### [Task prompt]
What lines below contain the word "sweep"? Please pull each one out.

Dataset items:
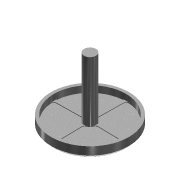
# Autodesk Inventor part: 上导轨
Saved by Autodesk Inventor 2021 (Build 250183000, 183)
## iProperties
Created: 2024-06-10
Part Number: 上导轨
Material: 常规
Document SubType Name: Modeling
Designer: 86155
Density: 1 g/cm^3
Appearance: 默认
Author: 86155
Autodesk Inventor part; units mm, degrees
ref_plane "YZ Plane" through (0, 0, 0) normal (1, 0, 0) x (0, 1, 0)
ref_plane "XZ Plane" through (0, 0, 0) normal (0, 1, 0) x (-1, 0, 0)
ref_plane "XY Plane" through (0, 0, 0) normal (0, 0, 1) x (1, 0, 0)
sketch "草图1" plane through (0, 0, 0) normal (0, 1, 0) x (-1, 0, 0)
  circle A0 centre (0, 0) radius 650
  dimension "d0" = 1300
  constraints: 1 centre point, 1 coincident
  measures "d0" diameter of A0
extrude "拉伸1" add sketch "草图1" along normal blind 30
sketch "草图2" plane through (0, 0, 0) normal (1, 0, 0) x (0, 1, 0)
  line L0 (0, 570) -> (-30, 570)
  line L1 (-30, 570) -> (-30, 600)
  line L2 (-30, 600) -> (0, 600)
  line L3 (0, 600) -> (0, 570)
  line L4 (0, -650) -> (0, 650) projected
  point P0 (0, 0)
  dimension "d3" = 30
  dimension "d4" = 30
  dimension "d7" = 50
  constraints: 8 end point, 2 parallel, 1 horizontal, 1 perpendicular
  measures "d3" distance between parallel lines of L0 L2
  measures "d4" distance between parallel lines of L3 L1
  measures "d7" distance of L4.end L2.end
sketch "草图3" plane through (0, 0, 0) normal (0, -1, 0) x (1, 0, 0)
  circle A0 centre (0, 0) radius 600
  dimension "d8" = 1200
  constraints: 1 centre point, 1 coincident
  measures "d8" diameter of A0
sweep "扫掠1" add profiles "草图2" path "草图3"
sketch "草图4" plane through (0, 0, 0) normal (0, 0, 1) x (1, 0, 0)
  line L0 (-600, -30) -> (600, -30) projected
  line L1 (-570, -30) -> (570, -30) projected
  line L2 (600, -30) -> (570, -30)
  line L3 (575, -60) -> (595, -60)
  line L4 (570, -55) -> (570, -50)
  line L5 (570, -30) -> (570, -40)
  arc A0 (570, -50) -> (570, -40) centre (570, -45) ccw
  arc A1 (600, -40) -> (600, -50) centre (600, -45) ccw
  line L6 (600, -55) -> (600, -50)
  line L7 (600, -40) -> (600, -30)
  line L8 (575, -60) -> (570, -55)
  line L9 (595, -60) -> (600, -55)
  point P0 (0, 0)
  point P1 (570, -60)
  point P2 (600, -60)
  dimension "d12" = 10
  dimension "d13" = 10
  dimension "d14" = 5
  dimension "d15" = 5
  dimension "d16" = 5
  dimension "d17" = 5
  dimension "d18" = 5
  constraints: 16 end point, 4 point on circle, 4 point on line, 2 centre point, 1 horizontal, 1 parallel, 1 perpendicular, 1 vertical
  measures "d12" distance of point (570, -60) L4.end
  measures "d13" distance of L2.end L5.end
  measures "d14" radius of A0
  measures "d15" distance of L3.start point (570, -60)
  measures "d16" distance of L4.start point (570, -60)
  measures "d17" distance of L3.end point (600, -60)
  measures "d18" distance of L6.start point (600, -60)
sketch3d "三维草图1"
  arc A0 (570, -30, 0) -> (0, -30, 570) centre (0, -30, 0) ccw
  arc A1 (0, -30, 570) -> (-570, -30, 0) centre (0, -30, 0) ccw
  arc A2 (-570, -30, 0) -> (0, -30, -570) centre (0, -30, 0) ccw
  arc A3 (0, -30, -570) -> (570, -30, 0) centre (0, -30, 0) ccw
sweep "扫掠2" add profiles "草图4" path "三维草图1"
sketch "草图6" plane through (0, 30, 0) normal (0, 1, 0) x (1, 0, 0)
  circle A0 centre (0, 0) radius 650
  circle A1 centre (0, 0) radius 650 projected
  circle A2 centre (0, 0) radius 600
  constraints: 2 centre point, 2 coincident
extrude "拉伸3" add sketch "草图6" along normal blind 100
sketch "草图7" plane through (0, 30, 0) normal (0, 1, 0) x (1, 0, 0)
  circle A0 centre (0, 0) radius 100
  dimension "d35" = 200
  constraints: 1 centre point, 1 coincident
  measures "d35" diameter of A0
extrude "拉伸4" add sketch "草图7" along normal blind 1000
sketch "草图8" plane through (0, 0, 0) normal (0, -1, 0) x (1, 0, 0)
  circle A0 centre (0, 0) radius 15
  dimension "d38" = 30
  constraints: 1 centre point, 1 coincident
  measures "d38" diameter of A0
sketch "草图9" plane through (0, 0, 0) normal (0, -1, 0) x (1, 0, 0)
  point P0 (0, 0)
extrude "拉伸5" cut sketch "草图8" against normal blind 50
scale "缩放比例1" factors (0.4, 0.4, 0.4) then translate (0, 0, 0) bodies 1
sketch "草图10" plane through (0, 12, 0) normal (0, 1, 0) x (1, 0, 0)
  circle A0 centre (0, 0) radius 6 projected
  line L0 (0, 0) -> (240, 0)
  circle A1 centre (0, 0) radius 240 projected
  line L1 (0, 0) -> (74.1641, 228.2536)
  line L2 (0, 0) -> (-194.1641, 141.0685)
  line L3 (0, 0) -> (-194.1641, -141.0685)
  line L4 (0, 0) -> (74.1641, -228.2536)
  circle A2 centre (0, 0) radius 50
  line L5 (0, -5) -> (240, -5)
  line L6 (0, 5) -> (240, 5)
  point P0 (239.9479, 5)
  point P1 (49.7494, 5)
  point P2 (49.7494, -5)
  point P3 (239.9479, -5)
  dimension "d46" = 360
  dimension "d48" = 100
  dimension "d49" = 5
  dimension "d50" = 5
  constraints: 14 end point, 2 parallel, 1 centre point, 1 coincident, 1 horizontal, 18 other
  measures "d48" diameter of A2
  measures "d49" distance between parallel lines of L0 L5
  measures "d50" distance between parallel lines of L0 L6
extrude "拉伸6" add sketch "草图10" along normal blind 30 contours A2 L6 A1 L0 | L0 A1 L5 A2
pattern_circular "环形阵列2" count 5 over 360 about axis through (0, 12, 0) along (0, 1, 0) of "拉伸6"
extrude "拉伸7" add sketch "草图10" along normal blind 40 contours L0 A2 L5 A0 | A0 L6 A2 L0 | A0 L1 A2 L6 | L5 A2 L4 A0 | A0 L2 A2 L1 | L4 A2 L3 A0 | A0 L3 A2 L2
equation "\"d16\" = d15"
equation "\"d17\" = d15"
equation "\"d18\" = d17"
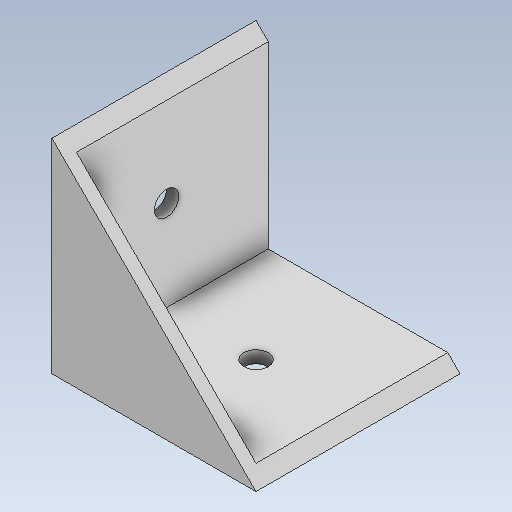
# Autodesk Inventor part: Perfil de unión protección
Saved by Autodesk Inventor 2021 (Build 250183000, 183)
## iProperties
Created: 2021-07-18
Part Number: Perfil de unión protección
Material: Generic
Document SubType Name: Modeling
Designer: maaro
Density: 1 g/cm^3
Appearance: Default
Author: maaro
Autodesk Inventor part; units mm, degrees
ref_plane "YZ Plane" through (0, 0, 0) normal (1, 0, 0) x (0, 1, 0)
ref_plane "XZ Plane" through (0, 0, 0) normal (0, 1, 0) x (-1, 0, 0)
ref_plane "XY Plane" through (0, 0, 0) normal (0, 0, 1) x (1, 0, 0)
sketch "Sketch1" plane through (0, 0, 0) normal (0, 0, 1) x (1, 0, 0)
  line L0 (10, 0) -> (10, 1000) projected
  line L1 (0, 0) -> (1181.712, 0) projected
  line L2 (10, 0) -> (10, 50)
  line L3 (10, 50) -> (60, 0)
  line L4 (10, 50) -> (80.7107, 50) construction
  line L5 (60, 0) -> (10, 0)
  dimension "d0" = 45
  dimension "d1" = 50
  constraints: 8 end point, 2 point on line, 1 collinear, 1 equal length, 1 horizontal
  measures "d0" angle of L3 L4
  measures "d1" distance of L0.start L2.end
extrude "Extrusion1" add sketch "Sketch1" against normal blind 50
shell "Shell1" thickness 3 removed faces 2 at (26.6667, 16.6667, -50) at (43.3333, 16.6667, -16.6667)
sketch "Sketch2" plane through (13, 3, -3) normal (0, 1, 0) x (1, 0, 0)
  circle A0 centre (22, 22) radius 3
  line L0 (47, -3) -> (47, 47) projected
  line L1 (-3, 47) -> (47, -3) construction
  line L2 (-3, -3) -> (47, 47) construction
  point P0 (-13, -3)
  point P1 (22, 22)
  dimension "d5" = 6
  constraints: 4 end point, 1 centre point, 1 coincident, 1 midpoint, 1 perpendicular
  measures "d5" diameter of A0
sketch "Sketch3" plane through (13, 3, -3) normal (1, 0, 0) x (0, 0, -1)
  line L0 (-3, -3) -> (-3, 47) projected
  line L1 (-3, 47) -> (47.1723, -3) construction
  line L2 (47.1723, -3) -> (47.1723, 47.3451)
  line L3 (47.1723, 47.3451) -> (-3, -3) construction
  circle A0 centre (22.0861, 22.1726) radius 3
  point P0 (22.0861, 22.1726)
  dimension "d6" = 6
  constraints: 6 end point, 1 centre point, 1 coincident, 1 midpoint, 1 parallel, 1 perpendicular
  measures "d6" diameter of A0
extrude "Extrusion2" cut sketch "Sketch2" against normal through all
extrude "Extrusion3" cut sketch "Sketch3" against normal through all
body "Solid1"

### [Result of this exercise]
sweep "扫掠1" add profiles "草图2" path "草图3"
sweep "扫掠2" add profiles "草图4" path "三维草图1"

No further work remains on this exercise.